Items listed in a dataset
═══
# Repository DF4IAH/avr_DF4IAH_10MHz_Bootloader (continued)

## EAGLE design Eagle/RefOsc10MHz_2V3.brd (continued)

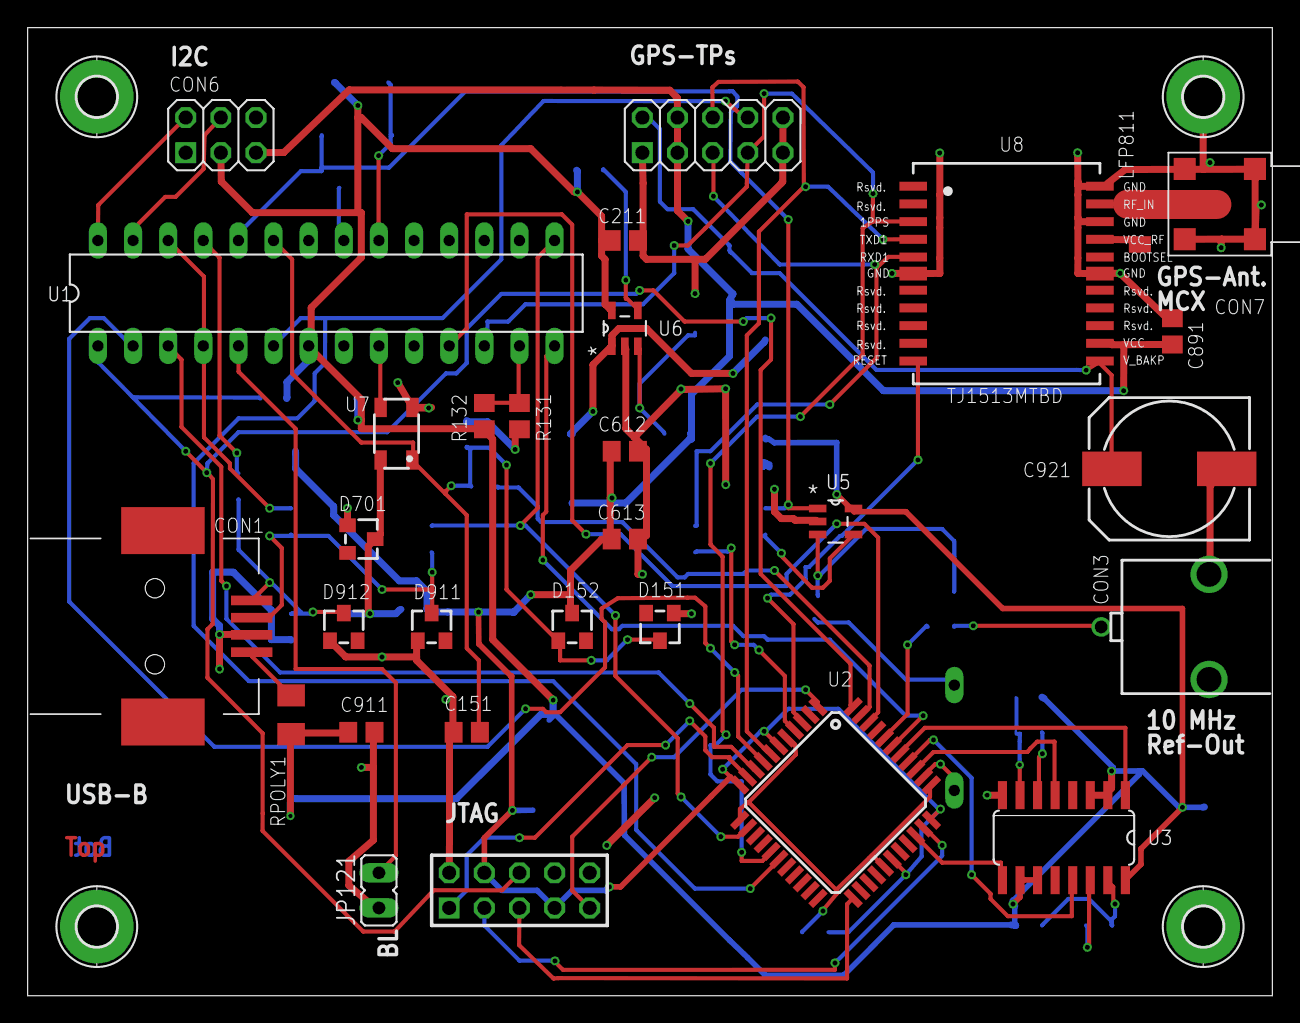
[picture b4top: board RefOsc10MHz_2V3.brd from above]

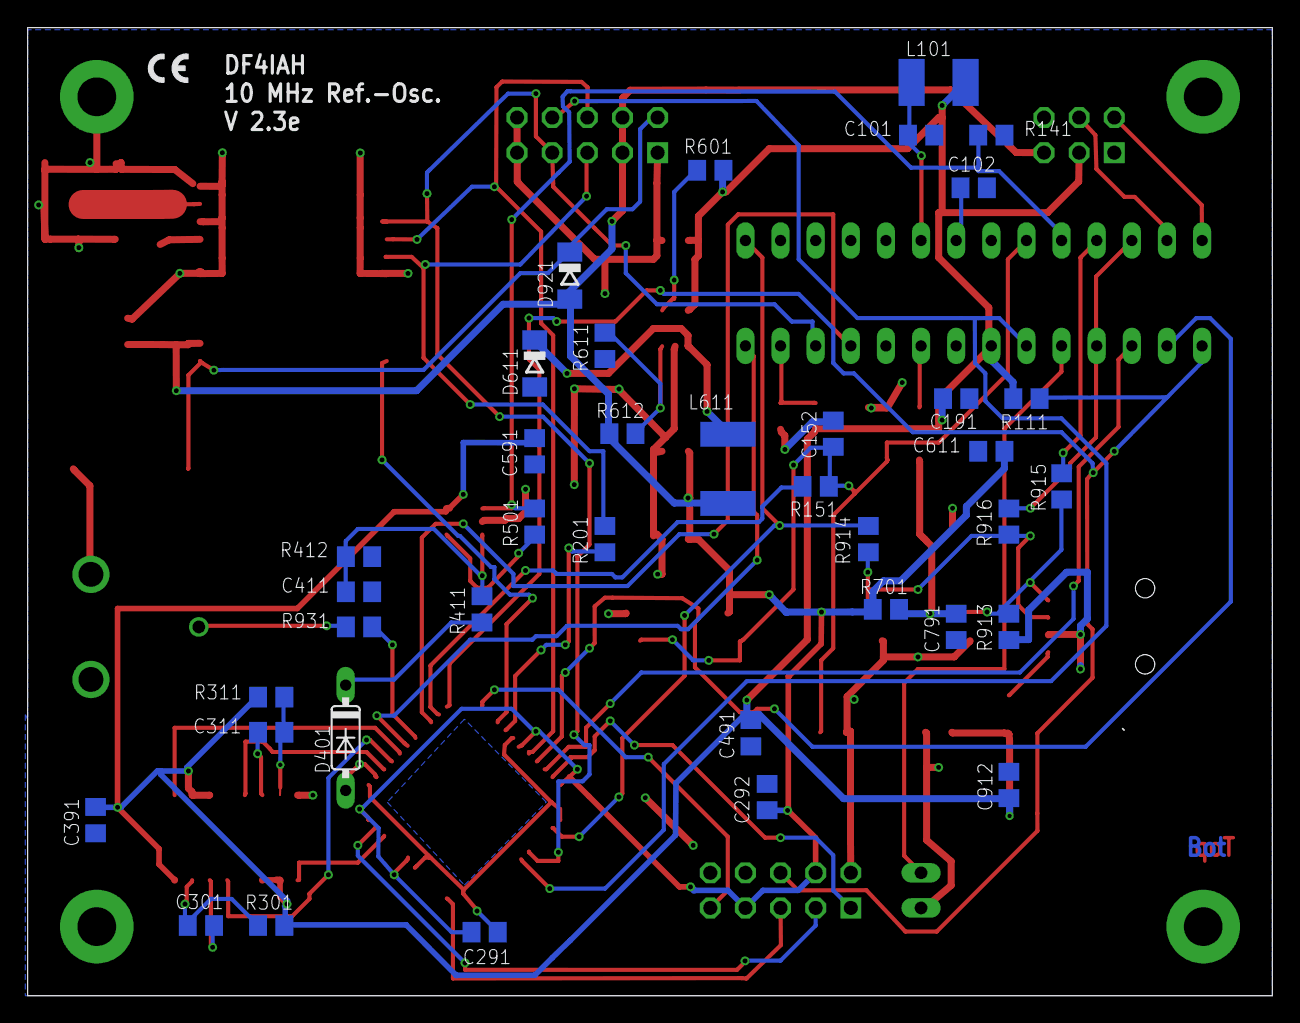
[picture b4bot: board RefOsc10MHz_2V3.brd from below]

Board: 2 copper layers, 90.0 x 70.0 mm, 72 parts (38 on the bottom side), 55 nets.

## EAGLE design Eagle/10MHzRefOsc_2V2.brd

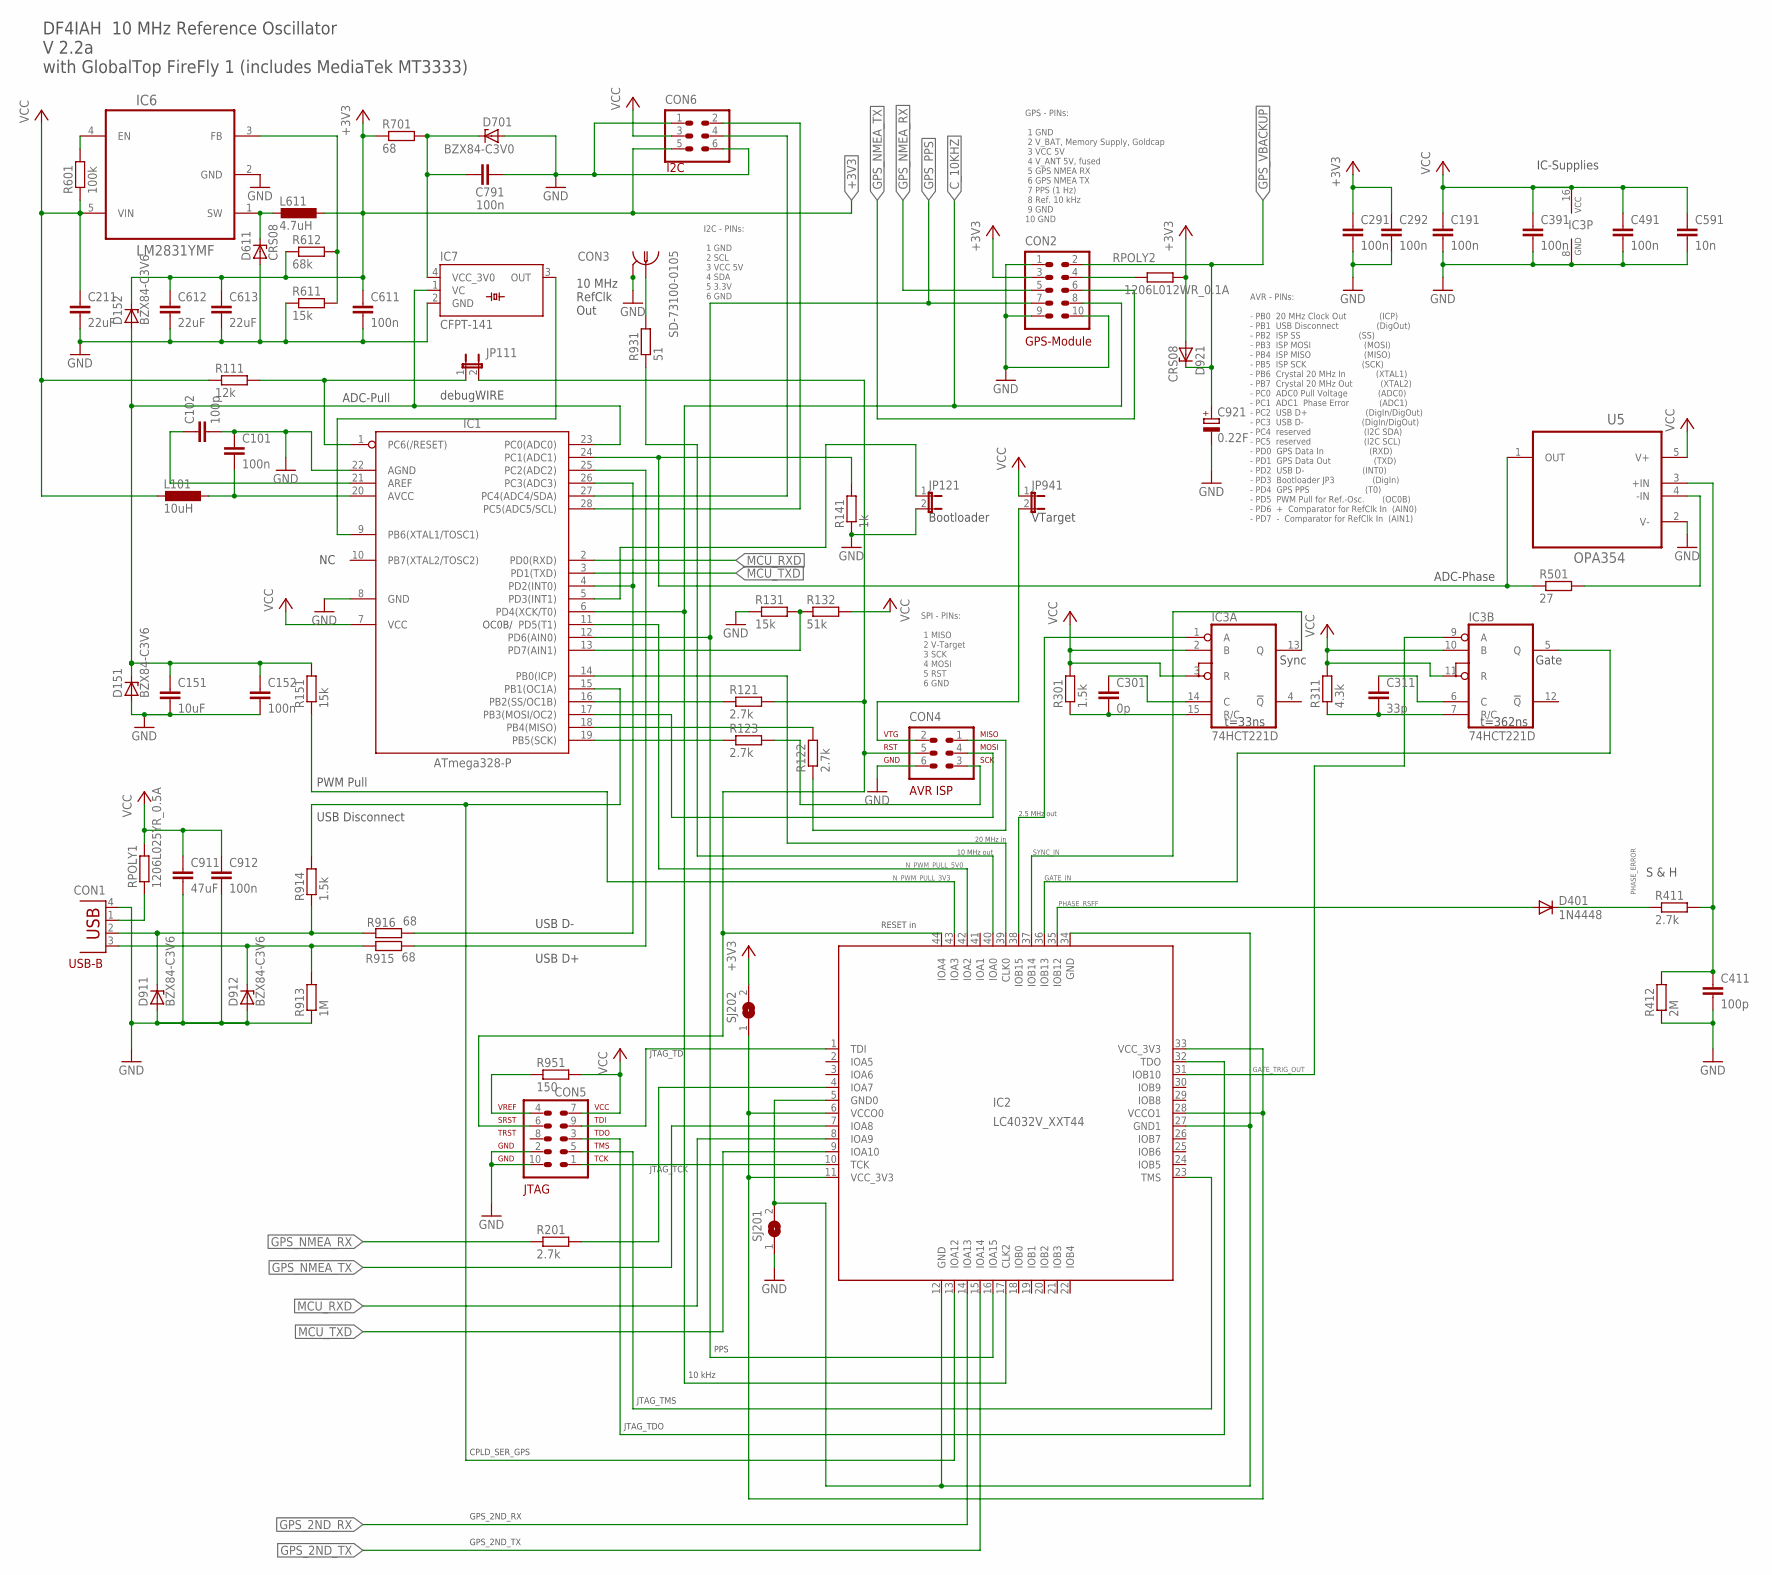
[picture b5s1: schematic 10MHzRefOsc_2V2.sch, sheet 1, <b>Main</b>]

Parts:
C101, C152, C191, C291, C292, C391, C491, C611, C791, C912: 100n; C0805
C102, C411: 100p; C0805
C151: 10uF; C0805
C211, C612, C613: 22uF; C0805
C301: 0p; C0805
C311: 33p; C0805
C591: 10n; C0805
C911: 47uF; C0805
C921: 0.22F; 140CLH-1010
CON1: TYCO-AMP_USBUSB-B_SMT; TYCO-AMP_USB-B_SMT
CON2: HEADER-2X5SMD; 2X5SMD
CON3: SD-73100-0105; MOLEX_BNC-JACK-50R_SD-73100-0105
CON4: AVR-ISP-6SMD; 2X3SMD
CON5: AVR-JTAG-10SMD; 2X5SMD
CON6: HEADER-2X3SMD; 2X03SMD
D151, D152, D911, D912: BZX84-C3V6; TO236
D401: 1N4448; SOD123
D611, D921: CRS08; SOD80C
D701: BZX84-C3V0; TO236
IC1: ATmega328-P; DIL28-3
═══
In the data above, copy every line where the string "design" appears.

## EAGLE design Eagle/RefOsc10MHz_2V3.brd (continued)
## EAGLE design Eagle/10MHzRefOsc_2V2.brd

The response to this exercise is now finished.